-------- Source material

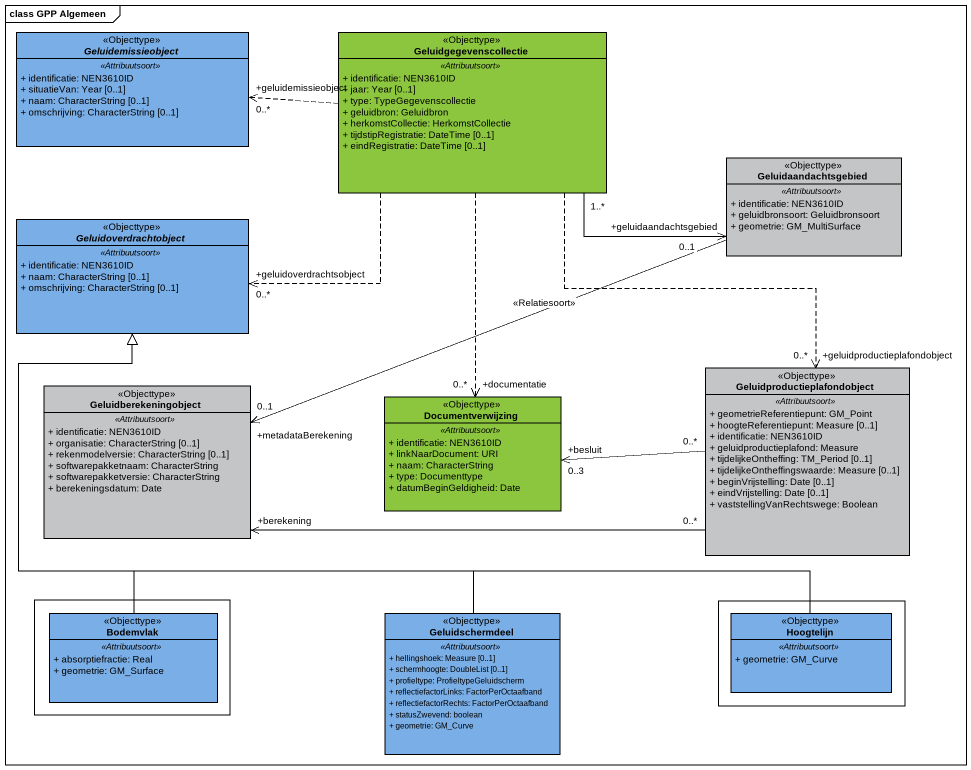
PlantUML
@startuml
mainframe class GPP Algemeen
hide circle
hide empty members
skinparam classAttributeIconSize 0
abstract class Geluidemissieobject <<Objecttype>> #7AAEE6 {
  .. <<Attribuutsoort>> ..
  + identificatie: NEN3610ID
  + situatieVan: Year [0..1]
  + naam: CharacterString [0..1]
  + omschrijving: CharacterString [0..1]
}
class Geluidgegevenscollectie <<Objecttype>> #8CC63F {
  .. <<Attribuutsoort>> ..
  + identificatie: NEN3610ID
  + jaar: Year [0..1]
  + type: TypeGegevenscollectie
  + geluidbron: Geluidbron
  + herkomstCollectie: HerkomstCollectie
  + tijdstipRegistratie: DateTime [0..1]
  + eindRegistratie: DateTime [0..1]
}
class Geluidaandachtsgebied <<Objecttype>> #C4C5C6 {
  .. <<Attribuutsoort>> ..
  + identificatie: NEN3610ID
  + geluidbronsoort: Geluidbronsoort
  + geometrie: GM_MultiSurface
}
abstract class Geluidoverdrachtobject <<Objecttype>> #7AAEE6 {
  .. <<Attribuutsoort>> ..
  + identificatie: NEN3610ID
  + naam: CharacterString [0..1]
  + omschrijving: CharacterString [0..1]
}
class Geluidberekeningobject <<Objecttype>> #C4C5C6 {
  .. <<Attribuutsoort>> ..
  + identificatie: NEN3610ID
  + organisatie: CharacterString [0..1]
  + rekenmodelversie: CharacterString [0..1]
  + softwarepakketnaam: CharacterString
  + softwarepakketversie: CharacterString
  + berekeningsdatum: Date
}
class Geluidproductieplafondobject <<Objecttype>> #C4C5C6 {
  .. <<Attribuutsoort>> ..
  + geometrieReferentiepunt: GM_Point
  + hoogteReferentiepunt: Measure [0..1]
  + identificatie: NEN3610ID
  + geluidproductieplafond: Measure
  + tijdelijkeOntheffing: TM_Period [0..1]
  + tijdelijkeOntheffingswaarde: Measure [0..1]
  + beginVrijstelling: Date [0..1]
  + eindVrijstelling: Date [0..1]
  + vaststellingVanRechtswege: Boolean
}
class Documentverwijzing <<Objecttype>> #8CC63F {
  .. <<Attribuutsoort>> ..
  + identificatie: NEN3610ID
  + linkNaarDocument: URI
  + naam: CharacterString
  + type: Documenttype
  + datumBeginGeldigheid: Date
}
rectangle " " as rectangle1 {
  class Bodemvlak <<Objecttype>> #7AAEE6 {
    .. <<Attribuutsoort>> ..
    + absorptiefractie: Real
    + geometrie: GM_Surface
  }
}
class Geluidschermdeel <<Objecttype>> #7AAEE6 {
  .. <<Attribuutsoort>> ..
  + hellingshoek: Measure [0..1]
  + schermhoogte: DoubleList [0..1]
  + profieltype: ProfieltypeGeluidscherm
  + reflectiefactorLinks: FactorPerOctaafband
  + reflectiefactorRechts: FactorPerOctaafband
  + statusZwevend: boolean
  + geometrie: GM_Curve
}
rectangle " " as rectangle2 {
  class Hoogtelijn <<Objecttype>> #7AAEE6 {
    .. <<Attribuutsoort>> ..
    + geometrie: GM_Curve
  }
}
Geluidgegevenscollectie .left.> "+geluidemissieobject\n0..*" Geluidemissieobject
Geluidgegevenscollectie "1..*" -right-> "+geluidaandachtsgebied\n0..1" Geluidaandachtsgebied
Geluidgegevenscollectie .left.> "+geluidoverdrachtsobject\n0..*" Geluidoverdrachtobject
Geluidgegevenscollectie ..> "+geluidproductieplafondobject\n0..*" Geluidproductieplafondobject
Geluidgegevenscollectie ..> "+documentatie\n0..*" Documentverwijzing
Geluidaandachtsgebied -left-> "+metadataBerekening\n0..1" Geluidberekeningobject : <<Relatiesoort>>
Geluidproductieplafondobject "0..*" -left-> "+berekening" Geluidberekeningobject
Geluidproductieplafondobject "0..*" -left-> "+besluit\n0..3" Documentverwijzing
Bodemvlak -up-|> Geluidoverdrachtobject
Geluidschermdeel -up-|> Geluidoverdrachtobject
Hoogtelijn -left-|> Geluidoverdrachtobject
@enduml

----------------

Brief: Your task is to list each line of the records with the word "Measure".

Response to this task:
  + hoogteReferentiepunt: Measure [0..1]
  + geluidproductieplafond: Measure
  + tijdelijkeOntheffingswaarde: Measure [0..1]
  + hellingshoek: Measure [0..1]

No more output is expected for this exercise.